🤖 AI Summary
This work proposes NextAds, the first generative framework for personalized video advertising, addressing the limitations of traditional approaches that rely on static asset libraries and struggle to achieve fine-grained, real-time personalization and online optimization. By dynamically generating and integrating personalized creative content at serving time, NextAds overcomes the constraints of conventional retrieval-based methods. The paper formalizes two core tasks—personalized creative generation and integration—and introduces a lightweight, end-to-end pipeline as a reproducible benchmark. Preliminary experiments demonstrate that generative AI–based approaches can efficiently produce high-quality personalized advertisements, exhibiting significant advantages in both performance and practical applicability.
📝 Abstract
With the rapid growth of online video consumption, video advertising has become increasingly dominant in the digital advertising landscape. Yet diverse users and viewing contexts makes one-size-fits-all ad creatives insufficient for consistent effectiveness, underlining the importance of personalization. In practice, most personalized video advertising systems follow a retrieval-based paradigm, selecting the optimal one from a small set of professionally pre-produced creatives for each user. Such static and finite inventories limits both the granularity and the timeliness of personalization, and prevents the creatives from being continuously refined based on online user feedback. Recent advances in generative AI make it possible to move beyond retrieval toward optimizing video creatives in a continuous space at serving time.

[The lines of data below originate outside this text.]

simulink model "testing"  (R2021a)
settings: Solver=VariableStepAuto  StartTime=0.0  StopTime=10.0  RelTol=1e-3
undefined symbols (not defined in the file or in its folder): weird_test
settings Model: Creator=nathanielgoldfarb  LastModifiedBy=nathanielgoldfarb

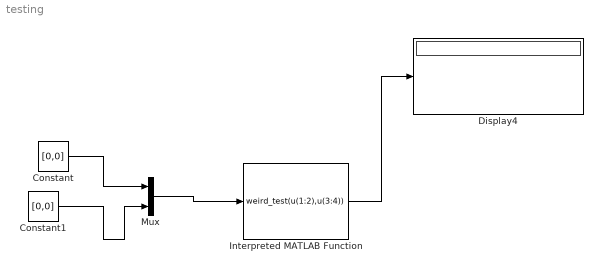
== system testing ==
  Constant : Constant  Value=[0,0]
  Constant1 : Constant  Value=[0,0]
  Display4 : Display
  Interpreted MATLAB Function : MATLABFcn  MATLABFcn=weird_test(u(1:2),u(3:4))  Output1D=off
  Mux : Mux  Inputs=2
  wires:
  Mux/1 -> Interpreted MATLAB Function/1
  Constant/1 -> Mux/1
  Constant1/1 -> Mux/2
  Interpreted MATLAB Function/1 -> Display4/1
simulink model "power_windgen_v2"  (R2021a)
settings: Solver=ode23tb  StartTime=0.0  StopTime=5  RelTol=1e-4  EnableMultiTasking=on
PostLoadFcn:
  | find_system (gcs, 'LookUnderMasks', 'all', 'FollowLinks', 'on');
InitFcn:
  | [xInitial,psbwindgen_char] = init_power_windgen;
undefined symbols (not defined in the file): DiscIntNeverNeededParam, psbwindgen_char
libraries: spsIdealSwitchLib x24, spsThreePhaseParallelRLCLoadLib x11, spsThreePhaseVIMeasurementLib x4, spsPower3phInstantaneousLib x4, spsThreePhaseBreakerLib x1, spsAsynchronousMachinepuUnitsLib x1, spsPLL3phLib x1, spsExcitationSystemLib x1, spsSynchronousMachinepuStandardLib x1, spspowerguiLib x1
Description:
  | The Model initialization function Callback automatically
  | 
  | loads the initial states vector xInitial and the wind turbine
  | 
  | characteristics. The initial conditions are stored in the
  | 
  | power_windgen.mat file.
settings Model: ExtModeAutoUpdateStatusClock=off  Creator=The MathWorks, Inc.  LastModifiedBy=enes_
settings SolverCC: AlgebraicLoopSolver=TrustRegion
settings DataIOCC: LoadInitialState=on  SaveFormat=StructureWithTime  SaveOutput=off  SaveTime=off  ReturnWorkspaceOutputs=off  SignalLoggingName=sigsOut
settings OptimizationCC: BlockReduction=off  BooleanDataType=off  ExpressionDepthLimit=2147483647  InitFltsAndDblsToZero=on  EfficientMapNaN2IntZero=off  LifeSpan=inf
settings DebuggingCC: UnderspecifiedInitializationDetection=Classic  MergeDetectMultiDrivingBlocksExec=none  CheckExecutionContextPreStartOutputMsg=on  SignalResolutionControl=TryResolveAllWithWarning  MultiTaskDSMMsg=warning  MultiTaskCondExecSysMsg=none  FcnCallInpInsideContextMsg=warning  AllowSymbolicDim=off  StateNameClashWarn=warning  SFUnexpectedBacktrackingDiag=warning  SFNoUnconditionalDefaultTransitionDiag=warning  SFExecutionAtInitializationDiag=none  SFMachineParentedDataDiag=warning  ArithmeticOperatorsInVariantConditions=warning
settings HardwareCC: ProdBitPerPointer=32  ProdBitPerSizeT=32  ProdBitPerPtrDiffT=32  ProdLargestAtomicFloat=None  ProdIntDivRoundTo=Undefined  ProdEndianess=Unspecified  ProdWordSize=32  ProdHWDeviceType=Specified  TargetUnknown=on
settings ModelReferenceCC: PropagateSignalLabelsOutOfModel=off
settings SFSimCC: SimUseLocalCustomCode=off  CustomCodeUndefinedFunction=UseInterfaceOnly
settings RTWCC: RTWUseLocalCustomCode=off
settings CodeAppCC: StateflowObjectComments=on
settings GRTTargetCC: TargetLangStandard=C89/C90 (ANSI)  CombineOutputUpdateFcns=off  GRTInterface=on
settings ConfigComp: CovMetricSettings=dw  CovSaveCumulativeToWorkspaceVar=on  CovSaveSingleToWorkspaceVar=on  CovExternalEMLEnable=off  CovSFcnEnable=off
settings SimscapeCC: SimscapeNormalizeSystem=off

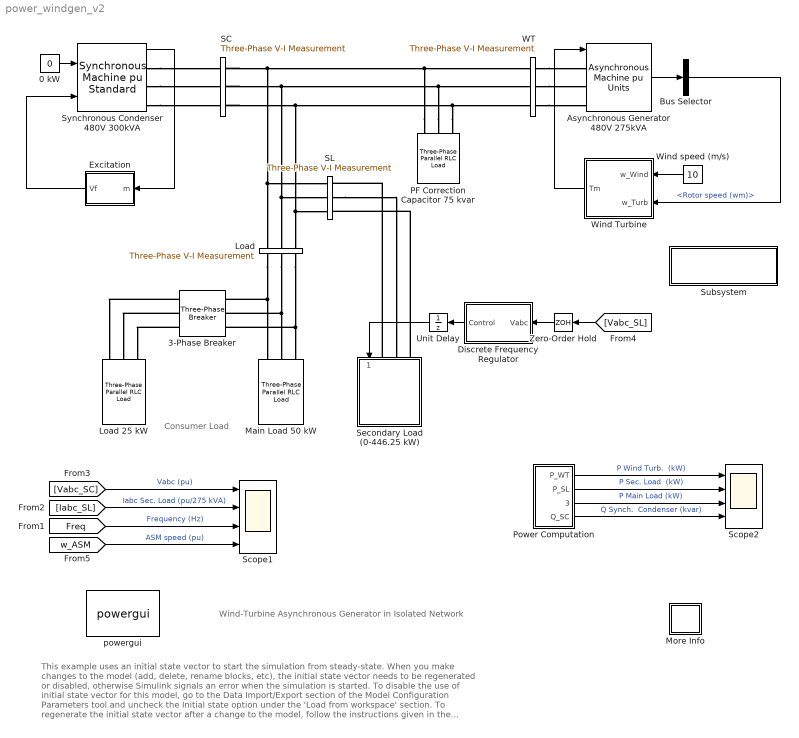
== system power_windgen_v2 ==
  note: This example uses an initial state vector to start the simulation from steady-state. When you make changes to the model (add, delete, rename blocks, etc),
      | the initial state vector needs to be regenerated or disabled, otherwise Simulink signals an error when the simulation is started.
      | To disable the use of initial state vector for this model, go to the Data Import/Export section of the Model Configuration Parameters tool and uncheck the
      | Initial state option under the 'Load from workspace' section.
      | To regenerate the initial state vector after a change to the model, follow the instructions given in the initialization file for this model.
      | Type open('init_power_windgen') at the matlab prompt to view this file.
  note: Wind-Turbine Asynchronous Generator in Isolated Network
  note: Consumer Load
  0 kW : Constant  Value=0
  3-Phase Breaker : spsThreePhaseBreakerLib/Three-Phase Breaker  InitialState=open  SwitchA=on  SwitchB=on  SwitchC=on  SwitchTimes=[0.2]  External=off  BreakerResistance=0.001  SnubberResistance=1e6  SnubberCapacitance=inf  Measurements=None
      settings: AttributesFormatString=\n
  Asynchronous Generator 480V 275kVA : spsAsynchronousMachinepuUnitsLib/Asynchronous Machine pu Units  RotorType=Squirrel-cage  PresetModel=No  MechanicalLoad=Torque Tm  ShowDetailedParameters=on  ReferenceFrame=Rotor  Units=pu  MeasurementBus=off  NominalParameters=[ 275e3, 480, 60 ]  VoltageRatio=1  Stator=[ 0.016,0.06]  Rotor=[ 0.015,0.06]  Cage1=[0.01909 0.0397]  Cage2=[0.01909 0.0397]  Lm=3.5  Mechanical=[ 2,0,2 ]  PolePairs=2  InitialConditions=[-8.89496e-048 0 0.280896 0.280896 0.280896 -89.7425 150.258 30.2575]  SimulateSaturation=off  Saturation=[ 0 0 ; 0 0 ]  LoadFlowParameters=0  TsPowergui=0  TsBlock=-1  IterativeModel=Trapezoidal non iterative  IterativeDiscreteModel=Trapezoidal non iterative  Pmec=0
      settings: AttributesFormatString=\n  SourceProductBaseCode=PS
  Bus Selector : BusSelector  OutputSignals=Mechanical.Rotor speed (wm)
  Discrete Frequency Regulator : Subsystem  mask(Discrete Frequency Regulator){Freq_ref=60, gains_regulator=[255 30], Vpp_nom=480, Ts=200e-6}
      mask prompts: Freq_ref "Reference frequency (Hz):"; gains_regulator "Regulator gains  [Kp Kd]:"; Vpp_nom "Phase to phase voltage (Vrms):"; Ts "Sample time (s):"
      mask help:
      | Input : phase to ground voltages
      |
      | Output : 24 logical signals for the control of the dump load
      mask init:
      | Vbase=Vpp_nom/sqrt(3);
      | Kp=gains_regulator(1);
      | Kd=gains_regulator(2);
  Excitation : Subsystem
  Load : spsThreePhaseVIMeasurementLib/Three-Phase V-I Measurement  VoltageMeasurement=phase-to-ground  SetLabelV=on  LabelV=Vabc_Load  Vpu=on  VpuLL=off  CurrentMeasurement=yes  SetLabelI=on  LabelI=Iabc_Load  Ipu=on  Pbase=275e3  Vbase=480  OutputType=Magnitude  PhasorSimulation=off  PSBequivalent=0
  Load 25 kW : spsThreePhaseParallelRLCLoadLib/Three-Phase Parallel RLC Load  LConnTagsString=A|B|C  Configuration=Y (grounded)  NominalVoltage=480  Vabc=[1e3 1e3 1e3]  Vabcp=[1e3 1e3 1e3]  NominalFrequency=60  UnbalancedPower=off  ActivePower=25e3  InductivePower=0  CapacitivePower=0  Pabc=[10e3 9e3 11e3]  QLabc=[100 90 110]  QCabc=[100 90 110]  Pabcp=[10e3 9e3 11e3]  QLabcp=[100 90 110]  QCabcp=[100 90 110]  Measurements=None  LoadType=constant Z
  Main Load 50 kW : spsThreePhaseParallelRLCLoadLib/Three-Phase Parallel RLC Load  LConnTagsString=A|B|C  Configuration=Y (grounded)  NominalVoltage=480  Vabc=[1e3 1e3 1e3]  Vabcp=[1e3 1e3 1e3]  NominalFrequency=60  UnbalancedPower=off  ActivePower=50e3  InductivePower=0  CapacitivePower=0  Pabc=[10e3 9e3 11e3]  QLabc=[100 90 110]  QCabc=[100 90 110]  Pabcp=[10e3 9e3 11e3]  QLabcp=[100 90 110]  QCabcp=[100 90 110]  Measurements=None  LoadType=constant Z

In this light, we propose NextAds, a generation-based paradigm for next-generation personalized video advertising, and conceptualize NextAds with four core components. To enable comparable research progress, we formulate two representative tasks: personalized creative generation and personalized creative integration, and introduce corresponding lightweight benchmarks. To assess feasibility, we instantiate end-to-end pipelines for both tasks and conduct initial exploratory experiments, demonstrating that GenAI can generate and integrate personalized creatives with encouraging performance. Moreover, we discuss the key challenges and opportunities under this paradigm, aiming to provide actionable insights for both researchers and practitioners and to catalyze progress in personalized video advertising.